In [2]:
# Import all of the things you need to import!
import pandas as pd
from sklearn.feature_extraction.text import CountVectorizer
from sklearn.feature_extraction.text import TfidfVectorizer
import re
from nltk.stem.porter import PorterStemmer
pd.options.display.max_columns = 30
%matplotlib inline
The Congressional Record is more or less what happened in Congress every single day. Speeches and all that. A good large source of text data, maybe?

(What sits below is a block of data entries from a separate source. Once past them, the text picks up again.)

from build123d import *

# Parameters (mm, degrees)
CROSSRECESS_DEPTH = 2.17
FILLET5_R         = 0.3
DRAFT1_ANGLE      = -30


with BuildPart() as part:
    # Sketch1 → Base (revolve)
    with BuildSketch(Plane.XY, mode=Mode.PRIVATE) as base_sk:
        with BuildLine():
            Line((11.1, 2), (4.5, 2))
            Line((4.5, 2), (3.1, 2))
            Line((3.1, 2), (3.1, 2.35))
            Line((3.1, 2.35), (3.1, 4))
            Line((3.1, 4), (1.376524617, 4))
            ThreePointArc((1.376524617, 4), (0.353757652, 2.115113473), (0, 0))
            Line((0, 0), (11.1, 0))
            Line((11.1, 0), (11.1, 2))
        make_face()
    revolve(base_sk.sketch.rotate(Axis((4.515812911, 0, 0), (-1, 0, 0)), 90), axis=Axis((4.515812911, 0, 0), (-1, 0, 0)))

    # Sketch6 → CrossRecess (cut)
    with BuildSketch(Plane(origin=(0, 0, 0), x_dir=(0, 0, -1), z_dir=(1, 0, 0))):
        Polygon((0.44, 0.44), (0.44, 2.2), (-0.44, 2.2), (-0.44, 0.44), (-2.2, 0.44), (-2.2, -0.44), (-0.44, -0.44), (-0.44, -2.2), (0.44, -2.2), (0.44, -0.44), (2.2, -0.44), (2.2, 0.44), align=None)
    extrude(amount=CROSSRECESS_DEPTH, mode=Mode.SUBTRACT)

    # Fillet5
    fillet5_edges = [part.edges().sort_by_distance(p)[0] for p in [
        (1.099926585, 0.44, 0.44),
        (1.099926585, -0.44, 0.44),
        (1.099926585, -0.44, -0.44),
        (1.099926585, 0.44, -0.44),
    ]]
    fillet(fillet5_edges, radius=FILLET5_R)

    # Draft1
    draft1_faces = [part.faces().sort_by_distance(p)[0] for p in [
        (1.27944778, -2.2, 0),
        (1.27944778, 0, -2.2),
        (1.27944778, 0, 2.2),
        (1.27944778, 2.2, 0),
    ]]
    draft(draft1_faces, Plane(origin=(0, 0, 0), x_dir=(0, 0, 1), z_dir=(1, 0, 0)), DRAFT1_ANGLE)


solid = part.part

Let's pretend it's totally secret but we just got it leaked to us in a data dump, and we need to check it out. It was leaked from this page here.
In [3]:
# If you'd like to download it through the command line...
!curl -O http://www.cs.cornell.edu/home/llee/data/convote/convote_v1.1.tar.gz
In [4]:
# And then extract it through the command line...
!tar -zxf convote_v1.1.tar.gz
You can explore the files if you'd like, but we're going to get the ones from convote_v1.1/data_stage_one/development_set/
. It's a bunch of text files.
In [5]:
# glob finds files matching a certain filename pattern
import glob
# Give me all the text files
paths = glob.glob('convote_v1.1/data_stage_one/development_set/*')
paths[:5]
Out[5]:
In [6]:
len(paths)
Out[6]:
So great, we have 702 of them. Now let's import them.
In [7]:
speeches = []
for path in paths:
with open(path) as speech_file:
speech = {
'pathname': path,
'filename': path.split('/')[-1],
'content': speech_file.read()
}
speeches.append(speech)
speeches_df = pd.DataFrame(speeches)
speeches_df.head()
Out[7]:
In class we had the texts
variable. For the homework can just do speeches_df['content']
to get the same sort of list of stuff.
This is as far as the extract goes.